UPDATED 14:31 EDT / MARCH 16 2017

APPS

GitLab gets more social, buying open source developer community Gitter

Open-source development lifecycle tool provider GitLab B.V. on Wednesday announced its acquisition of Gitter, a community hub platform for open-source developers.

GitLab also announced that it will release Gitter’s code as open-source software. This includes the web application and mobile apps. Such a move will allow the developer community at large to create and deploy Gitter community websites and apps as well as deeply integrate with Gitter-run applications using custom application programming interfaces.

“Community is core to GitLab’s principles,” Sid Sijbrandij, chief executive officer of GitLab, wrote in his announcement. “Our mission is to ensure that everyone can contribute, and over a thousand developers have contributed to GitLab CE. This acquisition is part of our strategic plan to become the most popular SaaS solution for public repositories.”
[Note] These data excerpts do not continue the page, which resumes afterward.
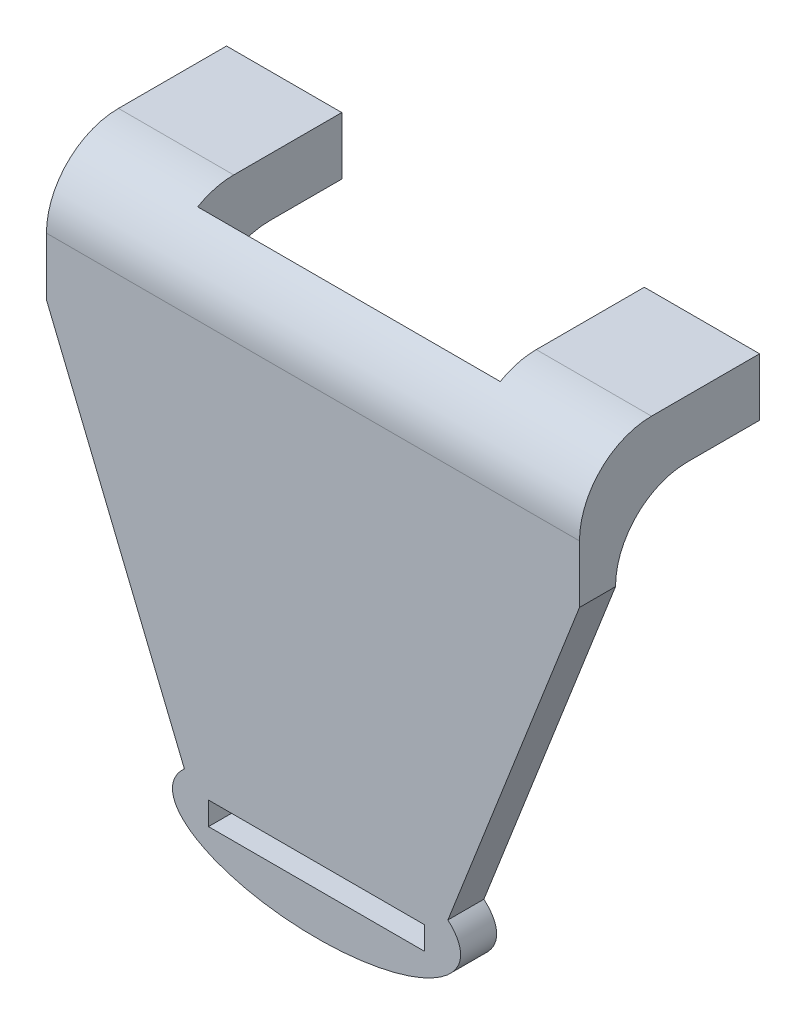
ISO-10303-21;
HEADER;
FILE_DESCRIPTION(('STEP AP214'),'2;1');
FILE_NAME('part.step','',(''),(''),'','','');
FILE_SCHEMA(('AUTOMOTIVE_DESIGN { 1 0 10303 214 1 1 1 1 }'));
ENDSEC;
DATA;
#1=APPLICATION_CONTEXT('core data for automotive mechanical design processes');
#2=APPLICATION_PROTOCOL_DEFINITION('international standard','automotive_design',2000,#1);
#3=PRODUCT_CONTEXT('',#1,'mechanical');
#4=PRODUCT('Part','Part','',(#3));
#5=PRODUCT_RELATED_PRODUCT_CATEGORY('part','',(#4));
#6=PRODUCT_DEFINITION_FORMATION('','',#4);
#7=PRODUCT_DEFINITION_CONTEXT('part definition',#1,'design');
#8=PRODUCT_DEFINITION('design','',#6,#7);
#9=PRODUCT_DEFINITION_SHAPE('','',#8);
#10=(LENGTH_UNIT() NAMED_UNIT(*) SI_UNIT(.MILLI.,.METRE.));
#11=(NAMED_UNIT(*) PLANE_ANGLE_UNIT() SI_UNIT($,.RADIAN.));
#12=(NAMED_UNIT(*) SI_UNIT($,.STERADIAN.) SOLID_ANGLE_UNIT());
#13=UNCERTAINTY_MEASURE_WITH_UNIT(LENGTH_MEASURE(1.E-05),#10,'distance_accuracy_value','');
#14=(GEOMETRIC_REPRESENTATION_CONTEXT(3) GLOBAL_UNCERTAINTY_ASSIGNED_CONTEXT((#13)) GLOBAL_UNIT_ASSIGNED_CONTEXT((#10,
#11,#12)) REPRESENTATION_CONTEXT('',''));
#15=CARTESIAN_POINT('',(0.,0.,0.));
#16=DIRECTION('',(0.,0.,1.));
#17=DIRECTION('',(1.,0.,0.));
#18=AXIS2_PLACEMENT_3D('',#15,#16,#17);
#19=CARTESIAN_POINT('',(38.,10.,-20.));
#20=DIRECTION('',(0.,1.,0.));
#21=DIRECTION('',(-1.,0.,0.));
#22=AXIS2_PLACEMENT_3D('',#19,#20,#21);
#23=PLANE('',#22);
#24=DIRECTION('',(0.,0.,1.));
#25=VECTOR('',#24,1.);
#26=CARTESIAN_POINT('',(38.,10.,-20.));
#27=LINE('',#26,#25);
#28=CARTESIAN_POINT('',(38.,10.,-20.));
#29=VERTEX_POINT('',#28);
#30=CARTESIAN_POINT('',(38.,10.,-10.));
#31=VERTEX_POINT('',#30);
#32=EDGE_CURVE('E347',#29,#31,#27,.T.);
#33=ORIENTED_EDGE('',*,*,#32,.T.);
#34=DIRECTION('',(-1.,0.,0.));
#35=VECTOR('',#34,1.);
#36=CARTESIAN_POINT('',(22.,10.,-10.));
#37=LINE('',#36,#35);
#38=CARTESIAN_POINT('',(34.,10.,-10.));
#39=VERTEX_POINT('',#38);
#40=EDGE_CURVE('E498',#31,#39,#37,.T.);
#41=ORIENTED_EDGE('',*,*,#40,.T.);
#42=DIRECTION('',(0.,0.,-1.));
#43=VECTOR('',#42,1.);
#44=CARTESIAN_POINT('',(34.,10.,-20.));
#45=LINE('',#44,#43);
#46=CARTESIAN_POINT('',(34.,10.,-20.));
#47=VERTEX_POINT('',#46);
#48=EDGE_CURVE('E285',#39,#47,#45,.T.);
#49=ORIENTED_EDGE('',*,*,#48,.T.);
#50=DIRECTION('',(-1.,0.,0.));
#51=VECTOR('',#50,1.);
#52=CARTESIAN_POINT('',(38.,10.,-20.));
#53=LINE('',#52,#51);
#54=EDGE_CURVE('E331',#29,#47,#53,.T.);
#55=ORIENTED_EDGE('',*,*,#54,.F.);
#56=EDGE_LOOP('',(#33,#41,#49,#55));
#57=FACE_BOUND('',#56,.T.);
#58=ADVANCED_FACE('F39',(#57),#23,.F.);
#59=CARTESIAN_POINT('',(-36.,10.,-20.));
#60=DIRECTION('',(0.,-1.,0.));
#61=DIRECTION('',(1.,0.,0.));
#62=AXIS2_PLACEMENT_3D('',#59,#60,#61);
#63=PLANE('',#62);
#64=DIRECTION('',(0.,0.,1.));
#65=VECTOR('',#64,1.);
#66=CARTESIAN_POINT('',(-20.,10.,-20.));
#67=LINE('',#66,#65);
#68=CARTESIAN_POINT('',(-20.,10.,-20.));
#69=VERTEX_POINT('',#68);
#70=CARTESIAN_POINT('',(-20.,10.,-10.));
#71=VERTEX_POINT('',#70);
#72=EDGE_CURVE('E322',#69,#71,#67,.T.);
#73=ORIENTED_EDGE('',*,*,#72,.T.);
#74=DIRECTION('',(1.,0.,0.));
#75=VECTOR('',#74,1.);
#76=CARTESIAN_POINT('',(-36.,10.,-10.));
#77=LINE('',#76,#75);
#78=CARTESIAN_POINT('',(-24.,10.,-10.));
#79=VERTEX_POINT('',#78);
#80=EDGE_CURVE('E583',#71,#79,#77,.F.);
#81=ORIENTED_EDGE('',*,*,#80,.T.);
#82=DIRECTION('',(0.,0.,-1.));
#83=VECTOR('',#82,1.);
#84=CARTESIAN_POINT('',(-24.,10.,-20.));
#85=LINE('',#84,#83);
#86=CARTESIAN_POINT('',(-24.,10.,-20.));
#87=VERTEX_POINT('',#86);
#88=EDGE_CURVE('E303',#79,#87,#85,.T.);
#89=ORIENTED_EDGE('',*,*,#88,.T.);
#90=DIRECTION('',(1.,0.,0.));
#91=VECTOR('',#90,1.);
#92=CARTESIAN_POINT('',(-36.,10.,-20.));
#93=LINE('',#92,#91);
#94=EDGE_CURVE('E256',#87,#69,#93,.T.);
#95=ORIENTED_EDGE('',*,*,#94,.T.);
#96=EDGE_LOOP('',(#73,#81,#89,#95));
#97=FACE_BOUND('',#96,.T.);
#98=ADVANCED_FACE('F463',(#97),#63,.T.);
#99=CARTESIAN_POINT('',(38.,18.,5.));
#100=DIRECTION('',(0.,-1.,0.));
#101=DIRECTION('',(1.,0.,0.));
#102=AXIS2_PLACEMENT_3D('',#99,#100,#101);
#103=PLANE('',#102);
#104=DIRECTION('',(0.,0.,-1.));
#105=VECTOR('',#104,1.);
#106=CARTESIAN_POINT('',(-36.,18.,5.));
#107=LINE('',#106,#105);
#108=CARTESIAN_POINT('',(-36.,18.,-5.));
#109=VERTEX_POINT('',#108);
#110=CARTESIAN_POINT('',(-36.,18.,-20.));
#111=VERTEX_POINT('',#110);
#112=EDGE_CURVE('E552',#109,#111,#107,.T.);
#113=ORIENTED_EDGE('',*,*,#112,.F.);
#114=DIRECTION('',(-1.,0.,0.));
#115=VECTOR('',#114,1.);
#116=CARTESIAN_POINT('',(38.,18.,-5.));
#117=LINE('',#116,#115);
#118=CARTESIAN_POINT('',(-20.,18.,-5.));
#119=VERTEX_POINT('',#118);
#120=EDGE_CURVE('E561',#109,#119,#117,.F.);
#121=ORIENTED_EDGE('',*,*,#120,.T.);
#122=DIRECTION('',(0.,0.,1.));
#123=VECTOR('',#122,1.);
#124=CARTESIAN_POINT('',(-20.,18.,-20.));
#125=LINE('',#124,#123);
#126=CARTESIAN_POINT('',(-20.,18.,-20.));
#127=VERTEX_POINT('',#126);
#128=EDGE_CURVE('E326',#127,#119,#125,.T.);
#129=ORIENTED_EDGE('',*,*,#128,.F.);
#130=DIRECTION('',(1.,0.,0.));
#131=VECTOR('',#130,1.);
#132=CARTESIAN_POINT('',(-36.,18.,-20.));
#133=LINE('',#132,#131);
#134=EDGE_CURVE('E307',#111,#127,#133,.T.);
#135=ORIENTED_EDGE('',*,*,#134,.F.);
#136=EDGE_LOOP('',(#113,#121,#129,#135));
#137=FACE_BOUND('',#136,.T.);
#138=ADVANCED_FACE('F443',(#137),#103,.F.);
#139=DIRECTION('',(0.,0.,1.));
#140=VECTOR('',#139,1.);
#141=CARTESIAN_POINT('',(26.,10.,-20.));
#142=LINE('',#141,#140);
#143=CARTESIAN_POINT('',(26.,10.,-20.));
#144=VERTEX_POINT('',#143);
#145=CARTESIAN_POINT('',(26.,10.,-10.));
#146=VERTEX_POINT('',#145);
#147=EDGE_CURVE('E275',#144,#146,#142,.T.);
#148=ORIENTED_EDGE('',*,*,#147,.T.);
#149=DIRECTION('',(-1.,0.,0.));
#150=VECTOR('',#149,1.);
#151=CARTESIAN_POINT('',(22.,10.,-10.));
#152=LINE('',#151,#150);
#153=CARTESIAN_POINT('',(22.,10.,-10.));
#154=VERTEX_POINT('',#153);
#155=EDGE_CURVE('E488',#146,#154,#152,.T.);
#156=ORIENTED_EDGE('',*,*,#155,.T.);
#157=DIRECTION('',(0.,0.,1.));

Launched in 2014, Gitter has fast become home to more than 800,000 developers who use the platform to engage in collaboration and communication. The software is available for users on Android, iOS, Windows and Linux and even has a handy Internet Relay Chat bridge to cover everything else.

gitter-patlform-in-action

Gitter provides chat rooms and community discovery for open-source developers. Image: Gitter

Gitter’s social apps also integrate with numerous developer productivity tools including GitHub, Heroku, Trello, Jenkins, and many more.

Gitter Chief Technology Officer Andrew Newdigate wrote in an announcement that the integration with GitLab will make conversations on the service free.

“We will also be making all conversations free and unlimited,” Newdigate said. “We know that many communities want to have private conversations amongst the core team and contributors, this was previously limited to 25 people in private rooms–well that’s a thing of the past and you can talk freely wherever and however you like.”

Users with existing paid subscriptions will not have their payments renew as these services are now offered free of charge.

Newdigate said that GitLab was one of the first third-party integrations on Gitter and represented a solid open-source core business model. He also said GitLab’s experience maintaining and fostering open-source communities would allow Gitter to open-source its own code.

Plans to complete the open sourcing of Gitter’s code will require some structural changes — mostly involving separating out sensitive configuration — but Newdigate said that it would happen no later than June. The open-source code would also be available under the MIT License.

For GitLab and Gitter users to get more accustomed to this change, and each other, there is a GitLab community on Gitter.